In 2001, when Microsoft released its PC game Train Simulator, Niehoff instantly grasped this as a tool to design the Switchback computer simulation. Now, after a few years spent on track layout, building design, and landscaping, and with the design still having many rough edges Niehoff was ready for the Switchback Foundation to get a sneak peak.

The 18-mile loop simulation began at the Summit Hill Depot. Acting as the Switchback operator, Niehoff released the brake and the car emitted metallic grinding sounds as it slowly rolled away from the station.

Soon, it was up to speed, passing under the Mount Jefferson Stoney Lonesome bridge and (, and then it approached the Lentz Trail crossing. The simulation included moving vintage cars at the crossings. Niehoff plans to eventually add grazing deer along the tracks.
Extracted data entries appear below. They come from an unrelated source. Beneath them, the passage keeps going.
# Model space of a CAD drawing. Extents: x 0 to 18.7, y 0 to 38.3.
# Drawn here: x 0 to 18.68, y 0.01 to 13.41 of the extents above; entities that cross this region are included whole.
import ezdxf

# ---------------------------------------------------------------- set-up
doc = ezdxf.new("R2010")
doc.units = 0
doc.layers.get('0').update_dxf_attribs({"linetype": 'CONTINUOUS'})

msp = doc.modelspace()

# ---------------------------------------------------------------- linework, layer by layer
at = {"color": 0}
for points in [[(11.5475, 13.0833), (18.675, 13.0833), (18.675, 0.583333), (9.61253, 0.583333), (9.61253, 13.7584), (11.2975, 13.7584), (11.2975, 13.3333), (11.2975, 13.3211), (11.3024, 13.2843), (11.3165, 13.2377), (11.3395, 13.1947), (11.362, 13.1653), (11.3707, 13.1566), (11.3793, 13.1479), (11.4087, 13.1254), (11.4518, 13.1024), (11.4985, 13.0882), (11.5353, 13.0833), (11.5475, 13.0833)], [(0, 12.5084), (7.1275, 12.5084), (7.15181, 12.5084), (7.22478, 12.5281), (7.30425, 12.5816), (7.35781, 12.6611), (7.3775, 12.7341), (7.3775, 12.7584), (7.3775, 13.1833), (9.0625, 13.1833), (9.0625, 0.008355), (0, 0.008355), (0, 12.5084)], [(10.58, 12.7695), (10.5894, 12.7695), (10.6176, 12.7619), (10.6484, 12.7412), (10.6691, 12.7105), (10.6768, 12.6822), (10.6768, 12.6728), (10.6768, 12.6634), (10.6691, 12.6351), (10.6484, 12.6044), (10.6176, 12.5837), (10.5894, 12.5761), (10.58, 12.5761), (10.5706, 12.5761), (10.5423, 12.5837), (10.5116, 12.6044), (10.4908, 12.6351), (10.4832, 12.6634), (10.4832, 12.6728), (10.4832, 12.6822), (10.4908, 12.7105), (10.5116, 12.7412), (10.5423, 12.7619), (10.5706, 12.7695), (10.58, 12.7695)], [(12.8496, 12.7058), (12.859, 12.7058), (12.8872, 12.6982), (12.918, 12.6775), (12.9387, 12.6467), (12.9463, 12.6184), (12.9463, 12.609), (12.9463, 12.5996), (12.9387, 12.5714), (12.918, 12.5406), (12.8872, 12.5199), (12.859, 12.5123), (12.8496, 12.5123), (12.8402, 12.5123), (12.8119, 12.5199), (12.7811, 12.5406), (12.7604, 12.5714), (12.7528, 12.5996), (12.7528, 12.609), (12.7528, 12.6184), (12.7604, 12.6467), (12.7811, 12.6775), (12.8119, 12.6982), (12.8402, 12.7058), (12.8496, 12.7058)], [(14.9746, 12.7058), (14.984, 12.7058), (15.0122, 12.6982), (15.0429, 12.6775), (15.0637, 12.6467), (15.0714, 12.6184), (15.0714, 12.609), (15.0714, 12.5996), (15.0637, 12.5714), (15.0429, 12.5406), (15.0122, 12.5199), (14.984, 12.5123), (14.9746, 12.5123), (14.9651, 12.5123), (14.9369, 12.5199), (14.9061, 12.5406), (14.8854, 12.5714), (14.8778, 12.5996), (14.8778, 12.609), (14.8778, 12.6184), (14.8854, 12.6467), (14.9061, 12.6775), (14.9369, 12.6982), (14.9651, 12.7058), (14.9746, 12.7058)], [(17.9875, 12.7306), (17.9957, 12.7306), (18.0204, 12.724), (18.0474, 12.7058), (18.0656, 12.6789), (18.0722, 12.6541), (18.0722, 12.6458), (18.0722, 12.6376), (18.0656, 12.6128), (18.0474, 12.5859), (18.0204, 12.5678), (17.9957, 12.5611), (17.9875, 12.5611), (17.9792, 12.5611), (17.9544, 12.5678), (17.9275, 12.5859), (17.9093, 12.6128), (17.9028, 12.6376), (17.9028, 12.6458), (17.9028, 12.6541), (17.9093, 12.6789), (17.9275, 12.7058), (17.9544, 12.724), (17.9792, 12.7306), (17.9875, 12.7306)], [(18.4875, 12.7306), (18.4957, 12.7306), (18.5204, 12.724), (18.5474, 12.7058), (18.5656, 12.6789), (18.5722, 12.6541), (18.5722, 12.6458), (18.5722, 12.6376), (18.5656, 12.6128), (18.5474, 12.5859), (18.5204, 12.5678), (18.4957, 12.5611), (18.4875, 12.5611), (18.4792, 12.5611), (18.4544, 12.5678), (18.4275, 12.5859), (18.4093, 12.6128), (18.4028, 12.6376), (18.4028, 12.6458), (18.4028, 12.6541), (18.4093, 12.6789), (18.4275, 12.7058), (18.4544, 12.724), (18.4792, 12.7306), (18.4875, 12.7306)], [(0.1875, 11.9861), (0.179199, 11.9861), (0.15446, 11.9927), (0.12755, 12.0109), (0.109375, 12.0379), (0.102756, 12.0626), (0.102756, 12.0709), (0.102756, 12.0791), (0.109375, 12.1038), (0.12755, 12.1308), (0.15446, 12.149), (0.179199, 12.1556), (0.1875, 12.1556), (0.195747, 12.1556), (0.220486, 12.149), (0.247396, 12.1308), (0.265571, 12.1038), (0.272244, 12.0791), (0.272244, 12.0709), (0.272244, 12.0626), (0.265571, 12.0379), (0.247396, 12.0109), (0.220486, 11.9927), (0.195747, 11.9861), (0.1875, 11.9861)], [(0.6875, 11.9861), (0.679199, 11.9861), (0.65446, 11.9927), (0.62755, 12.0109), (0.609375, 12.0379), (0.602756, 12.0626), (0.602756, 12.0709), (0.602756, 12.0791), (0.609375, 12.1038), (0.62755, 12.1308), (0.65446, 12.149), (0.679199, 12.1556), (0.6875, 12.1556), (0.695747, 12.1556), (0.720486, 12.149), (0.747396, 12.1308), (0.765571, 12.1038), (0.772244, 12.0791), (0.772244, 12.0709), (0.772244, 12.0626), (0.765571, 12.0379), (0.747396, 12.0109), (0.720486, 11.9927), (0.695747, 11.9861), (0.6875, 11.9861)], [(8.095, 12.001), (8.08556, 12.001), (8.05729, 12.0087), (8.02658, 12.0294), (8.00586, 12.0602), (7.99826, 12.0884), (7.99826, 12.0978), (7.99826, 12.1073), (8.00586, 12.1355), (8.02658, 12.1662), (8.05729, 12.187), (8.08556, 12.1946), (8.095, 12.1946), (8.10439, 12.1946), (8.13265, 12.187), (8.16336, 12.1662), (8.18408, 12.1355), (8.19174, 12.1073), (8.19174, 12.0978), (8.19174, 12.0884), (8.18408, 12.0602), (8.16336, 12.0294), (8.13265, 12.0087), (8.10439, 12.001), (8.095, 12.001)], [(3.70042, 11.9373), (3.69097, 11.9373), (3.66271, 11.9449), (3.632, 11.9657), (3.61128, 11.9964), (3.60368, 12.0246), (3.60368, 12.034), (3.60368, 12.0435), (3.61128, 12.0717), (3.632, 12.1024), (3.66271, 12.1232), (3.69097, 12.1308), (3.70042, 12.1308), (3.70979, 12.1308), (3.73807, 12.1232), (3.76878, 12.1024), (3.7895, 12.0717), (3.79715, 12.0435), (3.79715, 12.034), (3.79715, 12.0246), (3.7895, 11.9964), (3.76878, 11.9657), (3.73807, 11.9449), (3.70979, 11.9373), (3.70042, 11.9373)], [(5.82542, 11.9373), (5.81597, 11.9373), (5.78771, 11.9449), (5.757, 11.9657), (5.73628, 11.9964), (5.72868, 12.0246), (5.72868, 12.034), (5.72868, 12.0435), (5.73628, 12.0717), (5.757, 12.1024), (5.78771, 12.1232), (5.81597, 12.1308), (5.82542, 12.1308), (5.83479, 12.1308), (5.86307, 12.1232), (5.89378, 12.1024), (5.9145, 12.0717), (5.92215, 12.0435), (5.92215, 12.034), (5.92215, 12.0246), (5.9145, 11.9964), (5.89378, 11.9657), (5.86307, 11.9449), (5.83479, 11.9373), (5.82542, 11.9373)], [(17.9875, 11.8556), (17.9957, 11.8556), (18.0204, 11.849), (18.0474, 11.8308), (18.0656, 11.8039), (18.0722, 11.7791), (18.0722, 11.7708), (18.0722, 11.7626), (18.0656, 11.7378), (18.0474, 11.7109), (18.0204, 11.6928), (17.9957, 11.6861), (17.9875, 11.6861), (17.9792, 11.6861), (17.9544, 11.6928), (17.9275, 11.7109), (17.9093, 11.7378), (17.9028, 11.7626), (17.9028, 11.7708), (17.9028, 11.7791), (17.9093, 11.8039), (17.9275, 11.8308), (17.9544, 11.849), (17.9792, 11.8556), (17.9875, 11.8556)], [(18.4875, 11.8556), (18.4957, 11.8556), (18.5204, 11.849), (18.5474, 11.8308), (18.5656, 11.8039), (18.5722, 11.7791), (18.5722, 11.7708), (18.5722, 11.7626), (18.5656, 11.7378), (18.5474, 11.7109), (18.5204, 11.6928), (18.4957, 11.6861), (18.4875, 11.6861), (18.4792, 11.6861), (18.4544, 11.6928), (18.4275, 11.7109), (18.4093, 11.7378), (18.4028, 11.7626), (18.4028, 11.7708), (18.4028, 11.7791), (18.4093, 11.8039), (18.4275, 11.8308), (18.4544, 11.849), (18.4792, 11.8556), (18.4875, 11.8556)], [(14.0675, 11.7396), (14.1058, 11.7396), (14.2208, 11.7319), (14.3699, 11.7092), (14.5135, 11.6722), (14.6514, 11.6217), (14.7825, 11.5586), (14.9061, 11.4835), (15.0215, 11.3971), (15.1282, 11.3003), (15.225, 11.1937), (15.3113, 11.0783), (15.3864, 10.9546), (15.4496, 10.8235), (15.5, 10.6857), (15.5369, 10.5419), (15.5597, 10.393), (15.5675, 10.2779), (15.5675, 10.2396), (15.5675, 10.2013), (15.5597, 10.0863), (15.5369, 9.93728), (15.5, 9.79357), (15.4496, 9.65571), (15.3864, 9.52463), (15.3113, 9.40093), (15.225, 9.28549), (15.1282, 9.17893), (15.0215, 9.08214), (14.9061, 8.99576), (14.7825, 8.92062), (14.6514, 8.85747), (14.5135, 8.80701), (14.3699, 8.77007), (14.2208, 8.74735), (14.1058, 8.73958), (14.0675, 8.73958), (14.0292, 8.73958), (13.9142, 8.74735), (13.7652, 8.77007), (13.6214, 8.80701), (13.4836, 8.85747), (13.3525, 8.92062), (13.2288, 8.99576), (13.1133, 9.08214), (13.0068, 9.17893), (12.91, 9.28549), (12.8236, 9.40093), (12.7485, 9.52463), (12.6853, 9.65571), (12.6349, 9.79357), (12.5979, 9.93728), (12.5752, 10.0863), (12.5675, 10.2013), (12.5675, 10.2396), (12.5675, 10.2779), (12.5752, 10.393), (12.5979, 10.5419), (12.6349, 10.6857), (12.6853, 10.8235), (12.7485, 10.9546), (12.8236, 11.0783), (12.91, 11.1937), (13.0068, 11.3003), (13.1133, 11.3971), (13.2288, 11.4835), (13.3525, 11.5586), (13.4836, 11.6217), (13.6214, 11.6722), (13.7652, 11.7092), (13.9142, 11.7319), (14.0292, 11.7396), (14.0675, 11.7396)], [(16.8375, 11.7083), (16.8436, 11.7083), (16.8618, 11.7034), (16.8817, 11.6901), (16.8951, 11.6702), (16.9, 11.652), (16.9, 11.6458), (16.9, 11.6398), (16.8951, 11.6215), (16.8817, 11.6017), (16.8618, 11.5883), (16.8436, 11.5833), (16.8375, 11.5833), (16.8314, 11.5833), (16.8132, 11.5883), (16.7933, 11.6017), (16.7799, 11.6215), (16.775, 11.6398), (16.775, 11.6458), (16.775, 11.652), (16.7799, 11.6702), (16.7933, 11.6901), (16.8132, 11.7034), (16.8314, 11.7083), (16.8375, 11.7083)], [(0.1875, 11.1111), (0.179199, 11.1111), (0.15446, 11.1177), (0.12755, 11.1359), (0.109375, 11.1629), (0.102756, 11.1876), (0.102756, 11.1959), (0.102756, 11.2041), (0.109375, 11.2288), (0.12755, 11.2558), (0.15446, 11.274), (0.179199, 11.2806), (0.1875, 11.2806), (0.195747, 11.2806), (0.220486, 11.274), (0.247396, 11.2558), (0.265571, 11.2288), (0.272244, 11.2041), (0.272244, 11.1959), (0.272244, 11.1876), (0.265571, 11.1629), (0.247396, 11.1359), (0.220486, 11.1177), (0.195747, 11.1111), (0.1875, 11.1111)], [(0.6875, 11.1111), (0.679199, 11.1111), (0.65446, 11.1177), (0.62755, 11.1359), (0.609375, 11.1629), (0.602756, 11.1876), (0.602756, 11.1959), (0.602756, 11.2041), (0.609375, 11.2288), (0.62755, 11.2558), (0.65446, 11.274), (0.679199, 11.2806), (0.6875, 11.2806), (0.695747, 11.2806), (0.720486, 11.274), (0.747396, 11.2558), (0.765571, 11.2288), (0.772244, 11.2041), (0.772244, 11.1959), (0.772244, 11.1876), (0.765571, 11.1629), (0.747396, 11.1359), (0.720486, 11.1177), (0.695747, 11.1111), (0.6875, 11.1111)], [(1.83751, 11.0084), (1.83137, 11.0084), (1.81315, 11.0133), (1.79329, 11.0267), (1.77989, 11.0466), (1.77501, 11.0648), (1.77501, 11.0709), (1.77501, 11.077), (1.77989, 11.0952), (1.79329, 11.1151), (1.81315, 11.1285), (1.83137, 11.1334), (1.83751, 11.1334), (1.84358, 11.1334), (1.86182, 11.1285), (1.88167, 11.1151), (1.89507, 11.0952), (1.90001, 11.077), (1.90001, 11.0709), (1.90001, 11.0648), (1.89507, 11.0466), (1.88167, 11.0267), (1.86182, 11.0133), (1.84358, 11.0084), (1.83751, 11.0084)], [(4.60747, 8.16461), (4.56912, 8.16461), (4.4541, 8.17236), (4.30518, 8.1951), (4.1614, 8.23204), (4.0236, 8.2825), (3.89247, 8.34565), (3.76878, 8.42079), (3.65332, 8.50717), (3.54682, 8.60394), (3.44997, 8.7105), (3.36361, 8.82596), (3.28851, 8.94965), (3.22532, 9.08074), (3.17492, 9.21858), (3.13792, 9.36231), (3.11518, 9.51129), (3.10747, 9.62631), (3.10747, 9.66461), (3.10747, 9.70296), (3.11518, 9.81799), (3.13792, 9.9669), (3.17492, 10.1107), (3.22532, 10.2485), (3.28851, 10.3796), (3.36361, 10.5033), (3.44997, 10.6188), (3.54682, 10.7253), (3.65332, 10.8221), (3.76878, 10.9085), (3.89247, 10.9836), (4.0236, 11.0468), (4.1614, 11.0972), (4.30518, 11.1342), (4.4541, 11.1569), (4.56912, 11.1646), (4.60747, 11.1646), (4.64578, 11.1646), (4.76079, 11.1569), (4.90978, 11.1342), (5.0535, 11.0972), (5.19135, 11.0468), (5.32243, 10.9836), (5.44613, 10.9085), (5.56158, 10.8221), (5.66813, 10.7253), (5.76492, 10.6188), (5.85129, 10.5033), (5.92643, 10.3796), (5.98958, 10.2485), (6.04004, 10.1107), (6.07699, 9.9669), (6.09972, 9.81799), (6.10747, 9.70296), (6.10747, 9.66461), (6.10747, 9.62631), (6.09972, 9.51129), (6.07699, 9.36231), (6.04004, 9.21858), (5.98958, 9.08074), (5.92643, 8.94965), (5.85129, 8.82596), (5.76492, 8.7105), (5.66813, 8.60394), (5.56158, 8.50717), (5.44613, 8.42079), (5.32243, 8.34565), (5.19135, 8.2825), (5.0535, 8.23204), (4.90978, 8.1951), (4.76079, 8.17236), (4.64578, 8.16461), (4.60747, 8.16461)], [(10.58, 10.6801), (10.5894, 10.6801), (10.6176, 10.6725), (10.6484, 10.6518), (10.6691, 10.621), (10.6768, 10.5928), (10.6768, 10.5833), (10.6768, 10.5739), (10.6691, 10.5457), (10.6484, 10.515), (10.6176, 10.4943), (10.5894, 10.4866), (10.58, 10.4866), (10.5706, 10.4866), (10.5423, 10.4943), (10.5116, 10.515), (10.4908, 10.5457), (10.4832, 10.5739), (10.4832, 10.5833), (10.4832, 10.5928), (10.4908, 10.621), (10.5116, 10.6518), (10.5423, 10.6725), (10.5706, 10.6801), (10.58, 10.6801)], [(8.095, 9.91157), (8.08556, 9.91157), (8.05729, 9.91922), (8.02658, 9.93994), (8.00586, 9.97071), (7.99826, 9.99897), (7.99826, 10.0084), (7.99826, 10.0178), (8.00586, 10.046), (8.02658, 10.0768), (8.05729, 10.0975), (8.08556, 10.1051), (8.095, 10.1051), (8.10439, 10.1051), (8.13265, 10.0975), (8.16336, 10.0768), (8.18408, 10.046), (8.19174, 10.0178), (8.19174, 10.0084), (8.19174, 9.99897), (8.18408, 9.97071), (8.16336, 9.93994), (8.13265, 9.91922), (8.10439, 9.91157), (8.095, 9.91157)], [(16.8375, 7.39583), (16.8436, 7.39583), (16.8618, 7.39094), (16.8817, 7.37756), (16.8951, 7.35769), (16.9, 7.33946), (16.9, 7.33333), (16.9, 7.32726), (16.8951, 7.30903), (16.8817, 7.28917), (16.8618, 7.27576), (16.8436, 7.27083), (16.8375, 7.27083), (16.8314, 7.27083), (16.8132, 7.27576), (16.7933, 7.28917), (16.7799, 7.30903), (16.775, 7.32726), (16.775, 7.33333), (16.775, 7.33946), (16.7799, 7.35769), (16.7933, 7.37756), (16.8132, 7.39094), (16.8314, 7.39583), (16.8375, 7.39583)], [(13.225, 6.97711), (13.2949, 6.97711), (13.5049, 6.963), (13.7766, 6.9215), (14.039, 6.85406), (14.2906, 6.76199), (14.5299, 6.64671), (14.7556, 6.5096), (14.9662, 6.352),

Everything in the simulation is in real time and distance. Every foot of the 18-mile loop is included in the design. As an operator, you normally have only the brakes to control the train during the descent. Too much braking stops the Switchback and too little braking allows speeds in excess of 65 mph, possibly causing a derailment.

At the Mount Pisgah and Mount Jefferson Planes, there is an additional controla speed control for ascending the plane that mimics the push provided by the barney car that raised the Switchback car using bands that revolved around an 28-foot diameter drum in the engine house at the top of each mountain.

Niehoff first learned about the Switchback when he was required to write a senior theme at Lehighton High School. His father suggested he write about the Switchback and took him to study the reference materials at the Dimmick Library. Although he kept snapshot copies of postcard images of the Switchback, he didn’t meet anyone who knew about the Switchback until attending a Foundation meeting in 1992.

Niehoff is the engineering guru of the Switchback Foundation. He, with his wife Pat, built the 28-foot long operating model of the Switchback route on display at the Mauch Chunk Museum and is currently researching the Mount Jefferson barney design with plans to lay a design foundation for a replica barney for the developing Mt. Jefferson barney pit site at the intersection of Lentz Trail and Route 902.